A Ringo le gustaban las sobremesas tanto como contar historias desopilantes, exageradas y también tiernitas. Las contaba con los ojos brillantes y ademanes torpes que dibujaban escenas en el aire. Era un chico pretendiendo llamar la atención, un chico de noventa y pico de kilos.

Fue él quien me contó la historia de Jovita.

Aquel domingo, la señora servía el café pelando, como de costumbre, y asentía con la cabeza cada palabra del hijo con la adoración pintada en la cara. “¿Nunca te conté de Jovita?”, me preguntó Ringo tocando mi brazo con su manaza. Creí adivinar, por su tono de voz, que ese recuerdo asustaba al campeón.

“Acá todos los pibes sabían tocar el piano, todos menos yo, en casa no había guita para bancar una profesora ¿no, vieja? Pero yo vigilaba la vereda desde la ventana del comedor esperando que Jovita entrara y saliera de los zaguanes de las casas vecinas con su carterita negra apretada contra el cuerpo y las partituras bajo el brazo. Era mas bien fiera, pelirroja, y se peinaba como con una banana de pelo sobre la frente, bueno, así se peinaban todas las minas, ¿te acordás? y usaba unos anteojitos puntudos de estrella de cine. Para mí era medio jovata, le calculo unos treinta y pico, pero tenía unas piernas que… ¡mamma mía!” Doña Dominga pasó por detrás de Ringo y le pegó un revés en la nuca como amonestándolo por el tenor de ese último recuerdo.

“Desde acá se oían los pianos aporreados por los chicos durante toda la tarde”, prosiguió Ringo y contó que volaban escalas, que sonaba Chopin o Beethoven, pero que al final de cada clase, Jovita arremetía con un tangazo, tal vez para divertir a sus alumnos o para demostrarles la versatilidad del piano. “Esa era la mejor parte, yo miraba el reloj y salía a la calle para esperar ese momento, a veces era ‘El choclo’ o ‘La cumparsita’, pero a mí me encantaba ‘Adiós Pampa mía’ ”.

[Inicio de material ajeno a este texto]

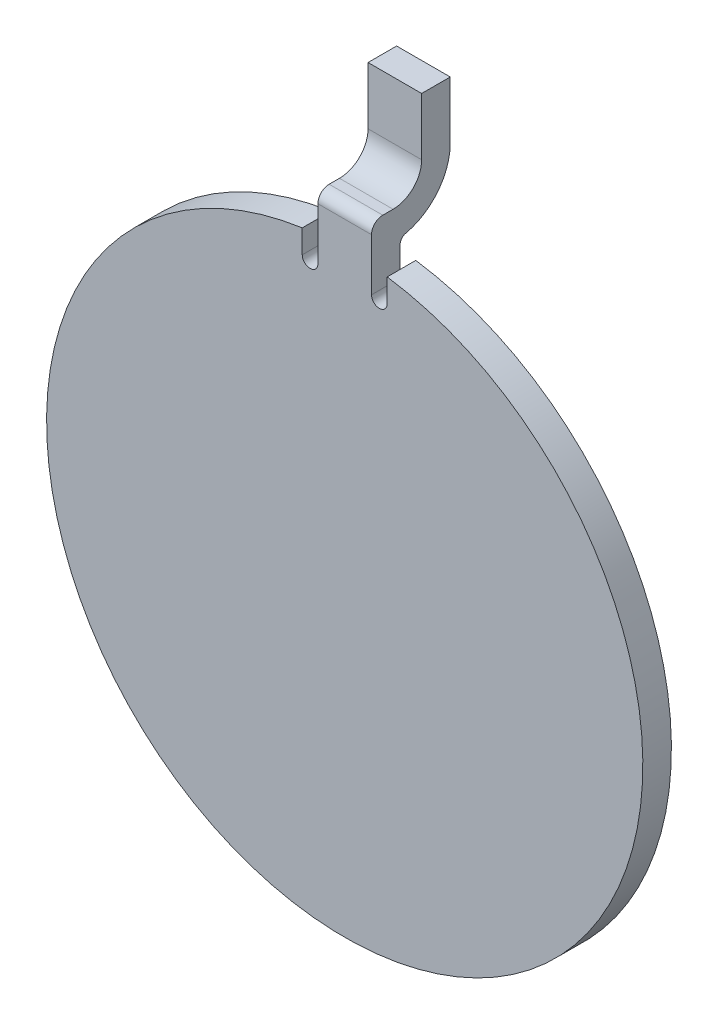
ISO-10303-21;
HEADER;
FILE_DESCRIPTION(('STEP AP214'),'2;1');
FILE_NAME('part.step','',(''),(''),'','','');
FILE_SCHEMA(('AUTOMOTIVE_DESIGN { 1 0 10303 214 1 1 1 1 }'));
ENDSEC;
DATA;
#1=APPLICATION_CONTEXT('core data for automotive mechanical design processes');
#2=APPLICATION_PROTOCOL_DEFINITION('international standard','automotive_design',2000,#1);
#3=PRODUCT_CONTEXT('',#1,'mechanical');
#4=PRODUCT('Part','Part','',(#3));
#5=PRODUCT_RELATED_PRODUCT_CATEGORY('part','',(#4));
#6=PRODUCT_DEFINITION_FORMATION('','',#4);
#7=PRODUCT_DEFINITION_CONTEXT('part definition',#1,'design');
#8=PRODUCT_DEFINITION('design','',#6,#7);
#9=PRODUCT_DEFINITION_SHAPE('','',#8);
#10=(LENGTH_UNIT() NAMED_UNIT(*) SI_UNIT(.MILLI.,.METRE.));
#11=(NAMED_UNIT(*) PLANE_ANGLE_UNIT() SI_UNIT($,.RADIAN.));
#12=(NAMED_UNIT(*) SI_UNIT($,.STERADIAN.) SOLID_ANGLE_UNIT());
#13=UNCERTAINTY_MEASURE_WITH_UNIT(LENGTH_MEASURE(1.E-05),#10,'distance_accuracy_value','');
#14=(GEOMETRIC_REPRESENTATION_CONTEXT(3) GLOBAL_UNCERTAINTY_ASSIGNED_CONTEXT((#13)) GLOBAL_UNIT_ASSIGNED_CONTEXT((#10,
#11,#12)) REPRESENTATION_CONTEXT('',''));
#15=CARTESIAN_POINT('',(0.,0.,0.));
#16=DIRECTION('',(0.,0.,1.));
#17=DIRECTION('',(1.,0.,0.));
#18=AXIS2_PLACEMENT_3D('',#15,#16,#17);
#19=CARTESIAN_POINT('',(-0.476507589397102,37.7055196206584,10.668));
#20=DIRECTION('',(0.,-1.,0.));
#21=DIRECTION('',(0.,0.,-1.));
#22=AXIS2_PLACEMENT_3D('',#19,#20,#21);
#23=PLANE('',#22);
#24=DIRECTION('',(0.,0.,1.));
#25=VECTOR('',#24,1.);
#26=CARTESIAN_POINT('',(-0.476507589397102,37.7055196206584,10.668));
#27=LINE('',#26,#25);
#28=CARTESIAN_POINT('',(-0.476507589397102,37.7055196206584,10.7928766138095));
#29=VERTEX_POINT('',#28);
#30=CARTESIAN_POINT('',(-0.476507589397102,37.7055196206584,10.976));
#31=VERTEX_POINT('',#30);
#32=EDGE_CURVE('E241',#29,#31,#27,.T.);
#33=ORIENTED_EDGE('',*,*,#32,.T.);
#34=DIRECTION('',(1.,0.,0.));
#35=VECTOR('',#34,1.);
#36=CARTESIAN_POINT('',(-0.476507589397102,37.7055196206584,10.976));
#37=LINE('',#36,#35);
#38=CARTESIAN_POINT('',(0.476507589397102,37.7055196206584,10.976));
#39=VERTEX_POINT('',#38);
#40=EDGE_CURVE('E254',#31,#39,#37,.T.);
#41=ORIENTED_EDGE('',*,*,#40,.T.);
#42=DIRECTION('',(0.,0.,1.));
#43=VECTOR('',#42,1.);
#44=CARTESIAN_POINT('',(0.476507589397102,37.7055196206584,10.668));
#45=LINE('',#44,#43);
#46=CARTESIAN_POINT('',(0.476507589397102,37.7055196206584,10.7928766138095));
#47=VERTEX_POINT('',#46);
#48=EDGE_CURVE('E236',#47,#39,#45,.T.);
#49=ORIENTED_EDGE('',*,*,#48,.F.);
#50=DIRECTION('',(-1.,0.,0.));
#51=VECTOR('',#50,1.);
#52=CARTESIAN_POINT('',(0.476507589397102,37.7055196206584,10.7928766138095));
#53=LINE('',#52,#51);
#54=EDGE_CURVE('E222',#47,#29,#53,.T.);
#55=ORIENTED_EDGE('',*,*,#54,.T.);
#56=EDGE_LOOP('',(#33,#41,#49,#55));
#57=FACE_BOUND('',#56,.T.);
#58=ADVANCED_FACE('F39',(#57),#23,.F.);
#59=CARTESIAN_POINT('',(0.,31.75,10.668));
#60=DIRECTION('',(0.,0.,-1.));
#61=DIRECTION('',(-1.,0.,0.));
#62=AXIS2_PLACEMENT_3D('',#59,#60,#61);
#63=PLANE('',#62);
#64=DIRECTION('',(0.,-1.,0.));
#65=VECTOR('',#64,1.);
#66=CARTESIAN_POINT('',(0.476507589397102,37.0276368196465,10.668));
#67=LINE('',#66,#65);
#68=CARTESIAN_POINT('',(0.476507589397102,37.0986173059169,10.668));
#69=VERTEX_POINT('',#68);
#70=CARTESIAN_POINT('',(0.476507589397102,36.5801523813832,10.668));
#71=VERTEX_POINT('',#70);
#72=EDGE_CURVE('E231',#69,#71,#67,.T.);
#73=ORIENTED_EDGE('',*,*,#72,.T.);
#74=CARTESIAN_POINT('',(0.615801998549159,36.5801523813832,10.668));
#75=DIRECTION('',(0.,0.,-1.));
#76=DIRECTION('',(1.,0.,0.));
#77=AXIS2_PLACEMENT_3D('',#74,#75,#76);
#78=CIRCLE('',#77,0.139294409152057);
#79=CARTESIAN_POINT('',(0.755096407701217,36.5801523813832,10.668));
#80=VERTEX_POINT('',#79);
#81=EDGE_CURVE('E162',#80,#71,#78,.T.);
#82=ORIENTED_EDGE('',*,*,#81,.F.);
#83=DIRECTION('',(0.,-1.,0.));
#84=VECTOR('',#83,1.);
#85=CARTESIAN_POINT('',(0.755096407701217,37.0838705948078,10.668));
#86=LINE('',#85,#84);
#87=CARTESIAN_POINT('',(0.755096407701217,36.9950299615844,10.668));
#88=VERTEX_POINT('',#87);
#89=EDGE_CURVE('E170',#88,#80,#86,.T.);
#90=ORIENTED_EDGE('',*,*,#89,.F.);
#91=CARTESIAN_POINT('',(0.,31.75,10.668));
#92=DIRECTION('',(0.,0.,-1.));
#93=DIRECTION('',(-1.,0.,0.));
#94=AXIS2_PLACEMENT_3D('',#91,#92,#93);
#95=CIRCLE('',#94,5.29910463029755);
#96=CARTESIAN_POINT('',(-0.755096407701217,36.9950299615844,10.668));
#97=VERTEX_POINT('',#96);
#98=EDGE_CURVE('E233',#88,#97,#95,.T.);
#99=ORIENTED_EDGE('',*,*,#98,.T.);
#100=DIRECTION('',(0.,1.,0.));
#101=VECTOR('',#100,1.);
#102=CARTESIAN_POINT('',(-0.755096407701217,37.0838705948078,10.668));
#103=LINE('',#102,#101);
#104=CARTESIAN_POINT('',(-0.755096407701217,36.5801523813832,10.668));
#105=VERTEX_POINT('',#104);
#106=EDGE_CURVE('E180',#105,#97,#103,.T.);
#107=ORIENTED_EDGE('',*,*,#106,.F.);
#108=CARTESIAN_POINT('',(-0.615801998549159,36.5801523813832,10.668));
#109=DIRECTION('',(0.,0.,-1.));
#110=DIRECTION('',(-1.,0.,0.));
#111=AXIS2_PLACEMENT_3D('',#108,#109,#110);
#112=CIRCLE('',#111,0.139294409152057);
#113=CARTESIAN_POINT('',(-0.476507589397102,36.5801523813832,10.668));
#114=VERTEX_POINT('',#113);
#115=EDGE_CURVE('E176',#114,#105,#112,.T.);
#116=ORIENTED_EDGE('',*,*,#115,.F.);
#117=DIRECTION('',(0.,1.,0.));
#118=VECTOR('',#117,1.);
#119=CARTESIAN_POINT('',(-0.476507589397102,37.0276368196465,10.668));
#120=LINE('',#119,#118);
#121=CARTESIAN_POINT('',(-0.476507589397102,37.0986173059169,10.668));
#122=VERTEX_POINT('',#121);
#123=EDGE_CURVE('E235',#114,#122,#120,.T.);
#124=ORIENTED_EDGE('',*,*,#123,.T.);
#125=DIRECTION('',(-1.,0.,0.));
#126=VECTOR('',#125,1.);
#127=CARTESIAN_POINT('',(0.,37.0986173059169,10.668));
#128=LINE('',#127,#126);
#129=EDGE_CURVE('E244',#122,#69,#128,.F.);
#130=ORIENTED_EDGE('',*,*,#129,.T.);
#131=EDGE_LOOP('',(#73,#82,#90,#99,#107,#116,#124,#130));
#132=FACE_BOUND('',#131,.T.);
#133=ADVANCED_FACE('F282',(#132),#63,.T.);
#134=CARTESIAN_POINT('',(0.476507589397102,37.0276368196465,10.668));
#135=DIRECTION('',(-1.,0.,0.));
#136=DIRECTION('',(0.,0.,1.));
#137=AXIS2_PLACEMENT_3D('',#134,#135,#136);
#138=PLANE('',#137);
#139=DIRECTION('',(0.,-1.,0.));
#140=VECTOR('',#139,1.);
#141=CARTESIAN_POINT('',(0.476507589397102,37.0276368196465,11.176));
#142=LINE('',#141,#140);
#143=CARTESIAN_POINT('',(0.476507589397102,37.5055196206584,11.176));
#144=VERTEX_POINT('',#143);
#145=CARTESIAN_POINT('',(0.476507589397102,36.5801523813832,11.176));
#146=VERTEX_POINT('',#145);
#147=EDGE_CURVE('E149',#144,#146,#142,.T.);
#148=ORIENTED_EDGE('',*,*,#147,.T.);
#149=DIRECTION('',(0.,0.,-1.));
#150=VECTOR('',#149,1.);
#151=CARTESIAN_POINT('',(0.476507589397102,36.5801523813832,11.176));
#152=LINE('',#151,#150);
#153=EDGE_CURVE('E152',#146,#71,#152,.T.);
#154=ORIENTED_EDGE('',*,*,#153,.T.);
#155=ORIENTED_EDGE('',*,*,#72,.F.);
#156=CARTESIAN_POINT('',(0.476507589397102,37.0986173059169,10.541));
#157=DIRECTION('',(-1.,0.,0.));
#158=DIRECTION('',(0.,0.,1.));
#159=AXIS2_PLACEMENT_3D('',#156,#157,#158);
#160=CIRCLE('',#159,0.127);
#161=CARTESIAN_POINT('',(0.476507589397102,37.2224953408882,10.5689862904233));
#162=VERTEX_POINT('',#161);
#163=EDGE_CURVE('E249',#69,#162,#160,.T.);
#164=ORIENTED_EDGE('',*,*,#163,.T.);
#165=CARTESIAN_POINT('',(0.476507589397102,38.2135196206584,10.7928766138095));
#166=DIRECTION('',(-1.,0.,0.));
#167=DIRECTION('',(0.,0.,1.));
#168=AXIS2_PLACEMENT_3D('',#165,#166,#167);
#169=CIRCLE('',#168,1.016);
#170=CARTESIAN_POINT('',(0.476507589397102,38.2135196206584,9.7768766138095));
#171=VERTEX_POINT('',#170);
#172=EDGE_CURVE('E204',#162,#171,#169,.F.);
#173=ORIENTED_EDGE('',*,*,#172,.T.);
#174=DIRECTION('',(0.,1.,0.));
#175=VECTOR('',#174,1.);
#176=CARTESIAN_POINT('',(0.476507589397102,38.2135196206584,9.7768766138095));
#177=LINE('',#176,#175);
#178=CARTESIAN_POINT('',(0.476507589397102,39.2339446156029,9.7768766138095));
#179=VERTEX_POINT('',#178);
#180=EDGE_CURVE('E202',#171,#179,#177,.T.);
#181=ORIENTED_EDGE('',*,*,#180,.T.);
#182=DIRECTION('',(0.,0.,1.));
#183=VECTOR('',#182,1.);
#184=CARTESIAN_POINT('',(0.476507589397102,39.2339446156029,9.7768766138095));
#185=LINE('',#184,#183);
#186=CARTESIAN_POINT('',(0.476507589397102,39.2339446156029,10.2848766138095));
#187=VERTEX_POINT('',#186);
#188=EDGE_CURVE('E199',#179,#187,#185,.T.);
#189=ORIENTED_EDGE('',*,*,#188,.T.);
#190=DIRECTION('',(0.,1.,0.));
#191=VECTOR('',#190,1.);
#192=CARTESIAN_POINT('',(0.476507589397102,38.2135196206584,10.2848766138095));
#193=LINE('',#192,#191);
#194=CARTESIAN_POINT('',(0.476507589397102,38.2135196206584,10.2848766138095));
#195=VERTEX_POINT('',#194);
#196=EDGE_CURVE('E196',#195,#187,#193,.T.);
#197=ORIENTED_EDGE('',*,*,#196,.F.);
#198=CARTESIAN_POINT('',(0.476507589397102,38.2135196206584,10.7928766138095));
#199=DIRECTION('',(1.,0.,0.));
#200=DIRECTION('',(0.,0.,-1.));
#201=AXIS2_PLACEMENT_3D('',#198,#199,#200);
#202=CIRCLE('',#201,0.508000000000001);
#203=EDGE_CURVE('E206',#47,#195,#202,.T.);
#204=ORIENTED_EDGE('',*,*,#203,.F.);
#205=ORIENTED_EDGE('',*,*,#48,.T.);
#206=CARTESIAN_POINT('',(0.476507589397102,37.5055196206584,10.976));
#207=DIRECTION('',(-1.,0.,0.));
#208=DIRECTION('',(0.,0.,1.));
#209=AXIS2_PLACEMENT_3D('',#206,#207,#208);
#210=CIRCLE('',#209,0.2);
#211=EDGE_CURVE('E155',#39,#144,#210,.F.);
#212=ORIENTED_EDGE('',*,*,#211,.T.);
#213=EDGE_LOOP('',(#148,#154,#155,#164,#173,#181,#189,#197,#204,#205,#212));
#214=FACE_BOUND('',#213,.T.);
#215=ADVANCED_FACE('F150',(#214),#138,.F.);
#216=CARTESIAN_POINT('',(0.,31.75,10.668));
#217=DIRECTION('',(0.,0.,1.));
#218=DIRECTION('',(1.,0.,0.));
#219=AXIS2_PLACEMENT_3D('',#216,#217,#218);
#220=CYLINDRICAL_SURFACE('',#219,5.29910463029755);
#221=ORIENTED_EDGE('',*,*,#98,.F.);
#222=DIRECTION('',(0.,0.,1.));
#223=VECTOR('',#222,1.);
#224=CARTESIAN_POINT('',(0.755096407701217,36.9950299615844,10.668));
#225=LINE('',#224,#223);
#226=CARTESIAN_POINT('',(0.755096407701217,36.9950299615844,11.176));
#227=VERTEX_POINT('',#226);
#228=EDGE_CURVE('E163',#88,#227,#225,.T.);
#229=ORIENTED_EDGE('',*,*,#228,.T.);
#230=CARTESIAN_POINT('',(0.,31.75,11.176));
#231=DIRECTION('',(0.,0.,-1.));
#232=DIRECTION('',(-1.,0.,0.));
#233=AXIS2_PLACEMENT_3D('',#230,#231,#232);
#234=CIRCLE('',#233,5.29910463029755);
#235=CARTESIAN_POINT('',(-0.755096407701217,36.9950299615844,11.176));
#236=VERTEX_POINT('',#235);
#237=EDGE_CURVE('E157',#227,#236,#234,.T.);
#238=ORIENTED_EDGE('',*,*,#237,.T.);
#239=DIRECTION('',(0.,0.,1.));
#240=VECTOR('',#239,1.);
#241=CARTESIAN_POINT('',(-0.755096407701217,36.9950299615844,10.668));
#242=LINE('',#241,#240);
#243=EDGE_CURVE('E190',#236,#97,#242,.F.);
#244=ORIENTED_EDGE('',*,*,#243,.T.);
#245=EDGE_LOOP('',(#221,#229,#238,#244));
#246=FACE_BOUND('',#245,.T.);
#247=ADVANCED_FACE('F293',(#246),#220,.T.);
#248=CARTESIAN_POINT('',(-0.476507589397102,37.0276368196465,10.668));
#249=DIRECTION('',(1.,0.,0.));
#250=DIRECTION('',(0.,0.,-1.));
#251=AXIS2_PLACEMENT_3D('',#248,#249,#250);
#252=PLANE('',#251);
#253=DIRECTION('',(0.,1.,0.));
#254=VECTOR('',#253,1.);
#255=CARTESIAN_POINT('',(-0.476507589397102,37.0276368196465,11.176));
#256=LINE('',#255,#254);
#257=CARTESIAN_POINT('',(-0.476507589397102,36.5801523813832,11.176));
#258=VERTEX_POINT('',#257);
#259=CARTESIAN_POINT('',(-0.476507589397102,37.5055196206584,11.176));
#260=VERTEX_POINT('',#259);
#261=EDGE_CURVE('E62',#258,#260,#256,.T.);
#262=ORIENTED_EDGE('',*,*,#261,.T.);
#263=CARTESIAN_POINT('',(-0.476507589397102,37.5055196206584,10.976));
#264=DIRECTION('',(1.,0.,0.));
#265=DIRECTION('',(0.,0.,-1.));
#266=AXIS2_PLACEMENT_3D('',#263,#264,#265);
#267=CIRCLE('',#266,0.2);
#268=EDGE_CURVE('E47',#260,#31,#267,.F.);
#269=ORIENTED_EDGE('',*,*,#268,.T.);
#270=ORIENTED_EDGE('',*,*,#32,.F.);
#271=CARTESIAN_POINT('',(-0.476507589397102,38.2135196206584,10.7928766138095));
#272=DIRECTION('',(1.,0.,0.));
#273=DIRECTION('',(0.,0.,-1.));
#274=AXIS2_PLACEMENT_3D('',#271,#272,#273);
#275=CIRCLE('',#274,0.508000000000001);
#276=CARTESIAN_POINT('',(-0.476507589397102,38.2135196206584,10.2848766138095));
#277=VERTEX_POINT('',#276);
#278=EDGE_CURVE('E200',#29,#277,#275,.T.);
#279=ORIENTED_EDGE('',*,*,#278,.T.);
#280=DIRECTION('',(0.,1.,0.));
#281=VECTOR('',#280,1.);
#282=CARTESIAN_POINT('',(-0.476507589397102,38.2135196206584,10.2848766138095));
#283=LINE('',#282,#281);
#284=CARTESIAN_POINT('',(-0.476507589397102,39.2339446156029,10.2848766138095));
#285=VERTEX_POINT('',#284);
#286=EDGE_CURVE('E195',#277,#285,#283,.T.);
#287=ORIENTED_EDGE('',*,*,#286,.T.);
#288=DIRECTION('',(0.,0.,1.));
#289=VECTOR('',#288,1.);
#290=CARTESIAN_POINT('',(-0.476507589397102,39.2339446156029,9.7768766138095));
#291=LINE('',#290,#289);
#292=CARTESIAN_POINT('',(-0.476507589397102,39.2339446156029,9.7768766138095));
#293=VERTEX_POINT('',#292);
#294=EDGE_CURVE('E212',#293,#285,#291,.T.);
#295=ORIENTED_EDGE('',*,*,#294,.F.);
#296=DIRECTION('',(0.,1.,0.));
#297=VECTOR('',#296,1.);
#298=CARTESIAN_POINT('',(-0.476507589397102,38.2135196206584,9.7768766138095));
#299=LINE('',#298,#297);
#300=CARTESIAN_POINT('',(-0.476507589397102,38.2135196206584,9.7768766138095));
#301=VERTEX_POINT('',#300);
#302=EDGE_CURVE('E215',#301,#293,#299,.T.);
#303=ORIENTED_EDGE('',*,*,#302,.F.);
#304=CARTESIAN_POINT('',(-0.476507589397102,38.2135196206584,10.7928766138095));
#305=DIRECTION('',(-1.,0.,0.));
#306=DIRECTION('',(0.,0.,1.));
#307=AXIS2_PLACEMENT_3D('',#304,#305,#306);
#308=CIRCLE('',#307,1.016);
#309=CARTESIAN_POINT('',(-0.476507589397102,37.2224953408882,10.5689862904233));
#310=VERTEX_POINT('',#309);
#311=EDGE_CURVE('E217',#310,#301,#308,.F.);
#312=ORIENTED_EDGE('',*,*,#311,.F.);
#313=CARTESIAN_POINT('',(-0.476507589397102,37.0986173059169,10.541));
#314=DIRECTION('',(1.,0.,0.));
#315=DIRECTION('',(0.,0.,-1.));
#316=AXIS2_PLACEMENT_3D('',#313,#314,#315);
#317=CIRCLE('',#316,0.127);
#318=EDGE_CURVE('E251',#310,#122,#317,.T.);
#319=ORIENTED_EDGE('',*,*,#318,.T.);
#320=ORIENTED_EDGE('',*,*,#123,.F.);
#321=DIRECTION('',(0.,0.,-1.));
#322=VECTOR('',#321,1.);
#323=CARTESIAN_POINT('',(-0.476507589397102,36.5801523813832,11.176));
#324=LINE('',#323,#322);
#325=EDGE_CURVE('E183',#258,#114,#324,.T.);
#326=ORIENTED_EDGE('',*,*,#325,.F.);
#327=EDGE_LOOP('',(#262,#269,#270,#279,#287,#295,#303,#312,#319,#320,#326));
#328=FACE_BOUND('',#327,.T.);
#329=ADVANCED_FACE('F262',(#328),#252,.F.);
#330=CARTESIAN_POINT('',(0.,31.75,11.176));
#331=DIRECTION('',(0.,0.,-1.));
#332=DIRECTION('',(-1.,0.,0.));
#333=AXIS2_PLACEMENT_3D('',#330,#331,#332);
#334=PLANE('',#333);
#335=CARTESIAN_POINT('',(0.615801998549159,36.5801523813832,11.176));
#336=DIRECTION('',(0.,0.,-1.));
#337=DIRECTION('',(1.,0.,0.));
#338=AXIS2_PLACEMENT_3D('',#335,#336,#337);
#339=CIRCLE('',#338,0.139294409152057);
#340=CARTESIAN_POINT('',(0.755096407701217,36.5801523813832,11.176));
#341=VERTEX_POINT('',#340);
#342=EDGE_CURVE('E54',#341,#146,#339,.T.);
#343=ORIENTED_EDGE('',*,*,#342,.T.);
#344=ORIENTED_EDGE('',*,*,#147,.F.);
#345=DIRECTION('',(1.,0.,0.));
#346=VECTOR('',#345,1.);
#347=CARTESIAN_POINT('',(0.,37.5055196206584,11.176));
#348=LINE('',#347,#346);
#349=EDGE_CURVE('E258',#144,#260,#348,.F.);
#350=ORIENTED_EDGE('',*,*,#349,.T.);
#351=ORIENTED_EDGE('',*,*,#261,.F.);
#352=CARTESIAN_POINT('',(-0.615801998549159,36.5801523813832,11.176));
#353=DIRECTION('',(0.,0.,-1.));
#354=DIRECTION('',(-1.,0.,0.));
#355=AXIS2_PLACEMENT_3D('',#352,#353,#354);
#356=CIRCLE('',#355,0.139294409152057);
#357=CARTESIAN_POINT('',(-0.755096407701217,36.5801523813832,11.176));
#358=VERTEX_POINT('',#357);
#359=EDGE_CURVE('E177',#258,#358,#356,.T.);
#360=ORIENTED_EDGE('',*,*,#359,.T.);
#361=DIRECTION('',(0.,1.,0.));
#362=VECTOR('',#361,1.);
#363=CARTESIAN_POINT('',(-0.755096407701217,37.0838705948078,11.176));
#364=LINE('',#363,#362);
#365=EDGE_CURVE('E179',#358,#236,#364,.T.);
#366=ORIENTED_EDGE('',*,*,#365,.T.);
#367=ORIENTED_EDGE('',*,*,#237,.F.);
#368=DIRECTION('',(0.,-1.,0.));
#369=VECTOR('',#368,1.);
#370=CARTESIAN_POINT('',(0.755096407701215,31.75,11.176));
#371=LINE('',#370,#369);
#372=EDGE_CURVE('E11',#227,#341,#371,.T.);
#373=ORIENTED_EDGE('',*,*,#372,.T.);
#374=EDGE_LOOP('',(#343,#344,#350,#351,#360,#366,#367,#373));
#375=FACE_BOUND('',#374,.T.);
#376=ADVANCED_FACE('F166',(#375),#334,.F.);
#377=CARTESIAN_POINT('',(0.476507589397102,38.2135196206584,10.2848766138095));
#378=DIRECTION('',(0.,0.,1.));
#379=DIRECTION('',(1.,0.,0.));
#380=AXIS2_PLACEMENT_3D('',#377,#378,#379);
#381=PLANE('',#380);
#382=ORIENTED_EDGE('',*,*,#286,.F.);
#383=DIRECTION('',(-1.,0.,0.));
#384=VECTOR('',#383,1.);
#385=CARTESIAN_POINT('',(0.476507589397102,38.2135196206584,10.2848766138095));
#386=LINE('',#385,#384);
#387=EDGE_CURVE('E158',#195,#277,#386,.T.);
#388=ORIENTED_EDGE('',*,*,#387,.F.);
#389=ORIENTED_EDGE('',*,*,#196,.T.);
#390=DIRECTION('',(-1.,0.,0.));
#391=VECTOR('',#390,1.);
#392=CARTESIAN_POINT('',(0.476507589397102,39.2339446156029,10.2848766138095));
#393=LINE('',#392,#391);
#394=EDGE_CURVE('E209',#187,#285,#393,.T.);
#395=ORIENTED_EDGE('',*,*,#394,.T.);
#396=EDGE_LOOP('',(#382,#388,#389,#395));
#397=FACE_BOUND('',#396,.T.);
#398=ADVANCED_FACE('F316',(#397),#381,.T.);
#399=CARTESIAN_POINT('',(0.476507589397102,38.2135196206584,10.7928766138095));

Ringo sorbió un poco de café como para tomar envión y doña Dominga se sentó a su lado –creo que para protegerlo– a escuchar el final de la historia.

“Pero un día Jovita no volvió”, me dijo Ringo bajando la vista.

–Una pena de amor –acotó doña Dominga– eso fue lo que se comentó en el barrio. Parece que se enredó con un mal tipo que la engañó para sacarle unos ahorros. La pobre Jovita no volvió a salir de la casa –vivía por acá cerca– y al poquito tiempo se murió. Yo no la conocía mucho ¿sabe?, pero mi comadre escuchó que no estaba enferma ni nada, se murió de tristeza la pobre. Una lástima, era una buena mujer y tocaba lindo.

“Sí, a mí me dio pena y eso que era chico”, ¿qué tendría, vieja, diez años?”, continuó Ringo retomando el hilo, “pero las cosas no terminaron ahí: unos meses más tarde, sería un jueves, a eso de las tres, volví a escuchar ‘Adiós Pampa mía’ y salí como loco a la calle. Me fui arrimando a las puertas vecinas, apoyaba la oreja, pero no venía de ninguna casa en particular. No puedo explicar bien de dónde llegaba la música que sonaba igualito a como la tocaba ella. Me agarré un jabón tremendo y me vine corriendo para casa, ¿se acuerda vieja?

¬Doña Dominga le acarició la cabeza y terminó el cuento:
–¿Sabe? –me dijo– llegó blanco como un papel. Me contó lo de la música y yo lo quise tranquilizar, le dije que seguramente provenía de alguna casa un poco más alejada, pero no se conformó. Los días que siguieron yo misma escuché los tangos a la hora de la siesta y salí a la calle, mi comadre también los oyó y varios vecinos de por acá, lo mismo. Le digo más, el muchacho de la farmacia dijo que una noche vio a la profesora de piano caminando por la calle con la carterita negra apretada contra el cuerpo y las partituras bajo el brazo. Al principio todos estábamos como en ascuas, queriendo saber y no saber. Después la cosa fue raleando, nos olvidamos… hay tanto que hacer en la vida, pero dicen que todavía en algún zaguán de Boedo se escuchan, algún jueves a eso de las tres, los tangos de Jovita.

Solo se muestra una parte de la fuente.